• _Given entries_:
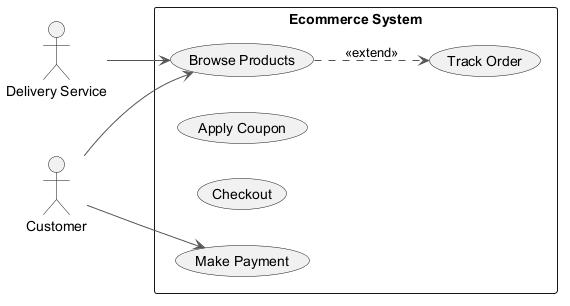

The diagram above was rendered by PlantUML. Its source (embedded in the PNG):
@startuml
skinparam backgroundColor #FFFFFF
skinparam classBackgroundColor #F3E5F5
skinparam classBorderColor #6A1B9A
skinparam ArrowColor #555555
left to right direction
actor "Delivery Service" as DS
actor "Customer" as C
rectangle "Ecommerce System" {
  usecase "Browse Products" as UC_BrowseProducts
  usecase "Apply Coupon" as UC_ApplyCoupon
  usecase "Track Order" as UC_TrackOrder
  usecase "Checkout" as UC_Checkout
  usecase "Make Payment" as UC_MakePayment
}
DS --> UC_BrowseProducts
C --> UC_BrowseProducts
C --> UC_MakePayment
UC_BrowseProducts ..> UC_TrackOrder : <<extend>>
@enduml

• _Task to complete_:
Every line in the data that holds the string "skinparam" should be copied.

• _Written answer_:
skinparam backgroundColor #FFFFFF
skinparam classBackgroundColor #F3E5F5
skinparam classBorderColor #6A1B9A
skinparam ArrowColor #555555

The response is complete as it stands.